- Exercise brief
Reproduce exactly, and nothing but, the lines between the one with "-19.801479439), (-10.25, -17.753520778))" and the end of the entries, both ends included.

Entries taken from a collection
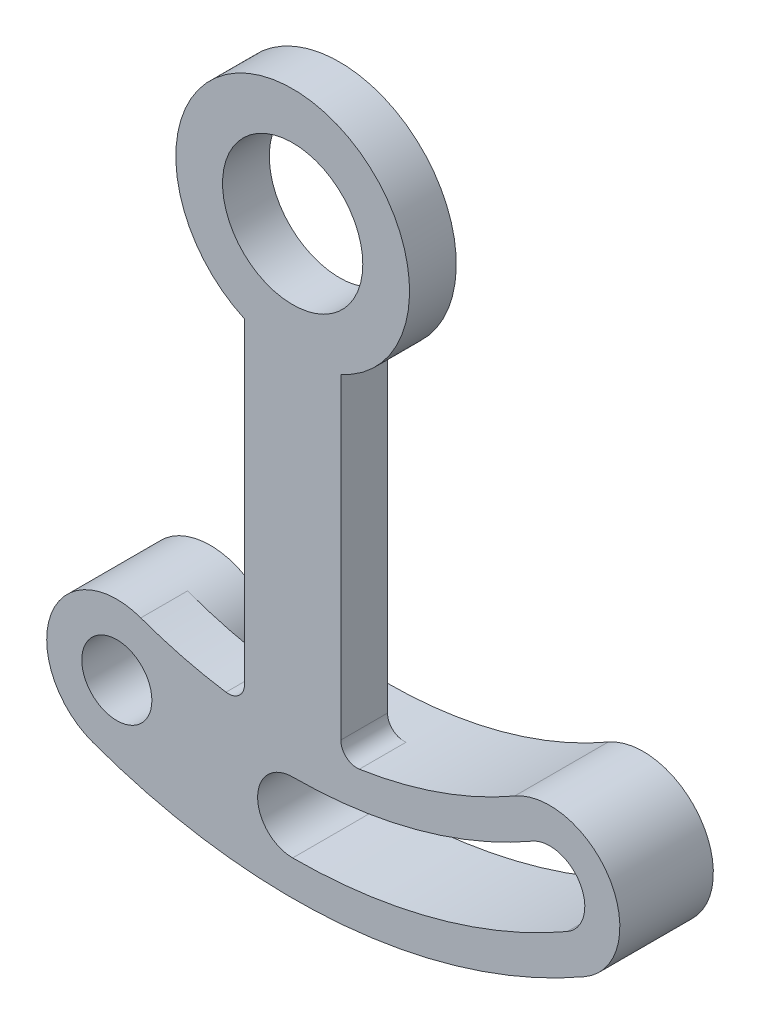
from build123d import *
from build123d.topology import SkipClean

# Parameters (mm, degrees)
SKETCH_1_R      = 3
SKETCH_1_R_2    = 1.5
EXTRUDE_1_DEPTH = 2
EXTRUDE_START   = 2
SKETCH_2_R      = 3
SKETCH_2_R_2    = 1.5
EXTRUDE_2_DEPTH = 2


with BuildPart() as part:
    # Sketch 1 → Extrude 1 (new body)
    with BuildSketch(Plane.XY):
        with BuildLine():
            Line((-2.058968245, -4.556385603), (-2.058968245, -18.101908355))
            ThreePointArc((-2.058968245, -18.101908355), (-2.299353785, -18.625527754), (-2.853133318, -18.784558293))
            ThreePointArc((-2.853133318, -18.784558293), (-4.698842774, -18.409803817), (-6.498382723, -17.854159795))
            ThreePointArc((-6.498382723, -17.854159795), (-10.343521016, -19.647177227), (-8.550503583, -23.49231552))
            ThreePointArc((-8.550503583, -23.49231552), (2.178893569, -24.904867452), (12.5, -21.650635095))
            ThreePointArc((12.5, -21.650635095), (13.598076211, -17.552558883), (9.5, -16.454482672))
            ThreePointArc((9.5, -16.454482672), (6.285482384, -17.930217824), (2.853133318, -18.784558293))
            ThreePointArc((2.853133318, -18.784558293), (2.299353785, -18.625527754), (2.058968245, -18.101908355))
            Line((2.058968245, -18.101908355), (2.058968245, -4.556385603))
            ThreePointArc((2.058968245, -4.556385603), (0, 5), (-2.058968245, -4.556385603))
        make_face()
        Circle(SKETCH_1_R, mode=Mode.SUBTRACT)
        with Locations((-7.524443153, -20.673237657)):
            Circle(SKETCH_1_R_2, mode=Mode.SUBTRACT)
        with BuildLine():
            ThreePointArc((11.75, -20.351596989), (12.299038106, -18.302558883), (10.25, -17.753520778))
            ThreePointArc((10.25, -17.753520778), (5.305790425, -19.801479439), (0, -20.5))
            ThreePointArc((0, -20.5), (-1.5, -22), (0, -23.5))
            ThreePointArc((0, -23.5), (6.08224756, -22.699256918), (11.75, -20.351596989))
        make_face(mode=Mode.SUBTRACT)
    extrude(amount=EXTRUDE_1_DEPTH)

    # Sketch 2 → Extrude 2 (add)
    # profile 1 of 2: a face of its own
    with SkipClean():  # the faces are left unmerged after this step: merging them gives an invalid solid
        with BuildSketch(Plane(origin=(0, 0, 0), x_dir=(-1, 0, 0), z_dir=(0, 0, -1)).offset(EXTRUDE_START)):
            with Locations((7.524443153, -20.673237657)):
                Circle(SKETCH_2_R)
            with Locations((7.524443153, -20.673237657)):
                Circle(SKETCH_2_R_2, mode=Mode.SUBTRACT)
        # profile 2 of 2: a face of its own
        with BuildSketch(Plane(origin=(0, 0, 0), x_dir=(-1, 0, 0), z_dir=(0, 0, -1)).offset(EXTRUDE_START)):
            with BuildLine():
                ThreePointArc((-9.5, -16.454482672), (-13.598076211, -17.552558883), (-12.5, -21.650635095))
                ThreePointArc((-12.5, -21.650635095), (-6.470476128, -24.148145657), (0, -25))
                ThreePointArc((0, -25), (3, -22), (0, -19))
                ThreePointArc((0, -19), (-4.917561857, -18.352590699), (-9.5, -16.454482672))
            make_face()
            with BuildLine():
                ThreePointArc((-10.25, -17.753520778), (-12.299038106, -18.302558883), (-11.75, -20.351596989))
                ThreePointArc((-11.75, -20.351596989), (-6.08224756, -22.699256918), (0, -23.5))
                ThreePointArc((0, -23.5), (1.5, -22), (0, -20.5))
                ThreePointArc((0, -20.5), (-5.305790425, -19.801479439), (-10.25, -17.753520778))
            make_face(mode=Mode.SUBTRACT)
        extrude(amount=-EXTRUDE_2_DEPTH)


solid = part.part

- Response to this task
                ThreePointArc((0, -20.5), (-5.305790425, -19.801479439), (-10.25, -17.753520778))
            make_face(mode=Mode.SUBTRACT)
        extrude(amount=-EXTRUDE_2_DEPTH)


solid = part.part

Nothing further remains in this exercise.